Technical Appendix 4B: Selective and Divided Attention as Metric Transformations

Proposition 4.1 (Selective Attention Reduces Effective Dimensionality). Let g_{\mu\nu} be the baseline metric on an n-dimensional manifold \mathcal{M}, and let \tilde{g}_{\mu\nu}(\epsilon) be the selectively attended metric with attention parameter \epsilon on k attended dimensions:

\tilde{g}_{\mu\nu}(\epsilon) = \begin{cases} g_{\mu\nu} & \text{if } \mu, \nu \leq k \\ \epsilon \cdot g_{\mu\nu} & \text{if } \mu, \nu > k \\ \sqrt{\epsilon} \cdot g_{\mu\nu} & \text{otherwise} \end{cases}

Then as \epsilon \to 0, the geodesics of \tilde{g} converge to the geodesics of the k-dimensional submanifold defined by the first k coordinates. That is, selective attention in the limit reduces the manifold to its attended submanifold.

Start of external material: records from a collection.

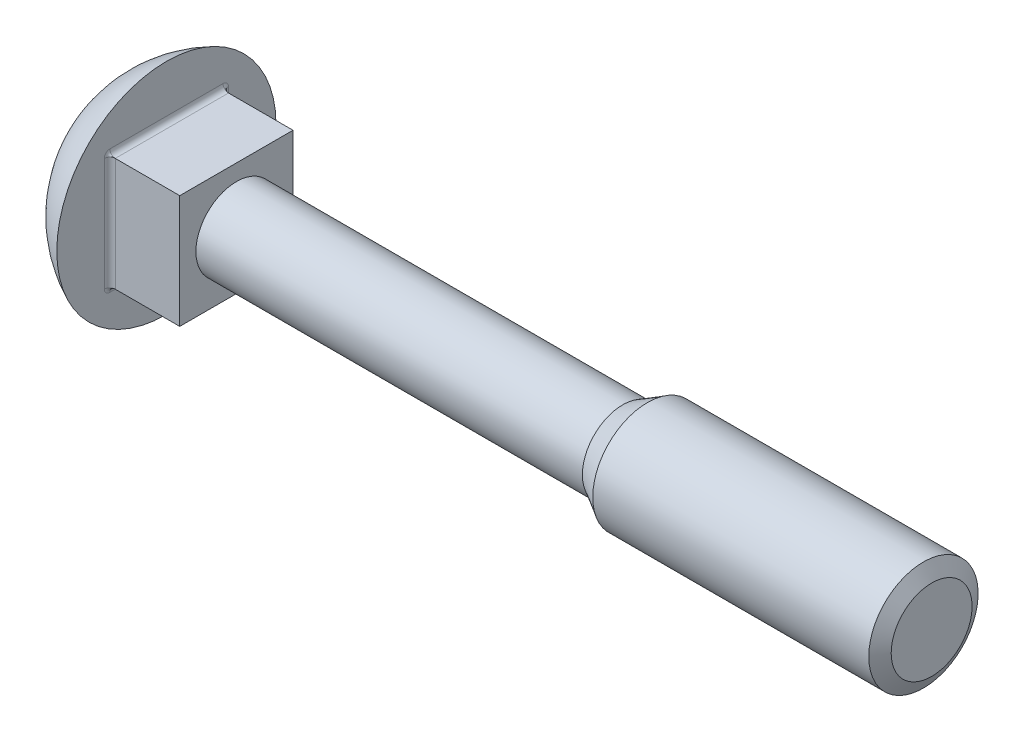
SolidWorks part; units mm, degrees
ref_plane "前视" through (0, 0, 0) normal (0, 0, 1) x (1, 0, 0)
ref_plane "上视" through (0, 0, 0) normal (0, 1, 0) x (1, 0, 0)
ref_plane "右视" through (0, 0, 0) normal (1, 0, 0) x (0, 0, -1)
sketch "尺寸草图" plane through (0, 0, 0) normal (0, 1, 0) x (1, 0, 0)
  line L0 (0, 0) -> (70, 0) construction
  point P3 (60, 0)
  point P4 (26, 0)
  point P5 (48.7, 0)
  point P6 (6.4, 0)
  point P7 (6.48, 0)
  point P8 (10.36, 0)
  point P9 (69.5, 0)
  point P10 (11, 0)
  point P11 (3.8, 0)
  point P12 (47.2, 0)
  dimension "b" = 26
  dimension "K1" = 6.4
  dimension "K" = 6.48
  dimension "Ss" = 10.36
  dimension "R" = 11
  dimension "X" = 3.8
  dimension "dk" = 21.3
  dimension "r_" = 0.5
  dimension "l" = 70
  dimension "d" = 10
  dimension "P" = 1.5
sketch "草图1" plane through (0, 0, 0) normal (0, 0, 1) x (1, 0, 0)
  line L0 (0, 0) -> (90.9034, 0) construction
  line L1 (6.48, 10.0284) -> (6.48, 0)
  line L2 (6.48, 0) -> (0, 0)
  arc A0 (0, 0) -> (6.48, 10.0284) centre (11, 0) cw
  dimension "D1" = 11
  dimension "D2" = 6.48
revolve "基体-旋转" add sketch "草图1" angle 360 about L0
sketch "草图2" plane through (6.48, 0, 0) normal (1, 0, 0) x (0, 0, -1)
  line L0 (5.18, 5.18) -> (-5.18, -5.18) construction
  line L1 (-5.18, 5.18) -> (5.18, 5.18)
  line L2 (-5.18, 5.18) -> (-5.18, -5.18)
  line L3 (-5.18, -5.18) -> (5.18, -5.18)
  line L4 (5.18, 5.18) -> (5.18, -5.18)
  dimension "D1" = 10.36
extrude "凸台-拉伸1" add sketch "草图2" along normal blind 6.4
fillet "圆角1" radius 0.5 4 edges at (6.48, 5.18, 0) (6.48, 0, -5.18) (6.48, -5.18, 0) (6.48, 0, 5.18)
sketch "草图3" plane through (0, 0, 0) normal (0, 1, 0) x (1, 0, 0)
  line L0 (12.88, 3.701) -> (48.2301, 3.701)
  line L1 (12.88, 5.18) -> (12.88, -5.18) construction
  line L2 (48.2301, 3.701) -> (50.48, 5)
  line L3 (50.48, 5) -> (76.48, 5)
  line L4 (76.48, 5) -> (76.48, 0)
  line L5 (0, 0) -> (76.48, 0) construction
  line L6 (12.88, 0) -> (76.48, 0)
  line L7 (12.88, 3.701) -> (12.88, 0)
  line L8 (6.48, -10.0284) -> (6.48, 10.0284) construction
  dimension "D1" = 26
  dimension "D2" = 2.2499
  dimension "D3" = 70
  dimension "D4" = 5
  dimension "D5" = 3.701
  dimension "D6" = 150
revolve "凸台-旋转1" add sketch "草图3" angle 360 about L5
cosmetic thread "螺纹线1" parameters "D1"=27.125, "D2"=7.402
sketch "草图4" plane through (0, 0, 0) normal (0, 1, 0) x (1, 0, 0)
  line L0 (75.73, 5) -> (76.48, 3.701)
  line L1 (76.48, -5) -> (76.48, 5) construction
  line L2 (76.48, 3.701) -> (77.23, 5)
  line L3 (77.23, 5) -> (75.73, 5)
  line L5 (0, 0) -> (13.7241, 0) construction
  line L6 (0, 0) -> (90.9034, 0) construction
  line L7 (50.48, 5) -> (76.48, 5) construction
  dimension "D1" = 60
  dimension "D2" = 60
  dimension "D3" = 1.299
revolve "切除-旋转1" cut sketch "草图4" angle 360 about L5
pattern_linear "阵列(线性)1" [suppressed] count 18 spacing 1.5

Proposition 4.2 (Divided Attention Lowers Per-Target Resolution). Under the equal-allocation divided attention metric with budget W split across k targets, the per-target SNR is:

\text{SNR}_{\text{divided}} = \frac{W/k + g_n}{g_n} = 1 + \frac{W}{k \cdot g_n}

Compared to the selective attention SNR:

\text{SNR}_{\text{selective}} = 1 + \frac{W}{g_n}

The ratio is \text{SNR}_{\text{divided}} / \text{SNR}_{\text{selective}} \approx 1/k for W/g_n \gg 1. Divided attention reduces per-target resolution by a factor of the number of targets.

This proposition explains the A4 divided attention split quantitatively. If Claude’s attention budget W is sufficient for one target but not two (i.e., W/g_n \geq \text{SNR}_{\text{thresh}} but W/(2 g_n) < \text{SNR}_{\text{thresh}}), then Claude will succeed at selective attention but fail at divided attention. If Flash 3’s budget is sufficient for two targets (W/(2g_n) \geq \text{SNR}_{\text{thresh}}), then Flash 3 will succeed at both. The difference between Claude and Flash 3 reduces to the ratio W / \text{SNR}_{\text{thresh}}: Flash 3 has a larger effective attention budget relative to the task threshold.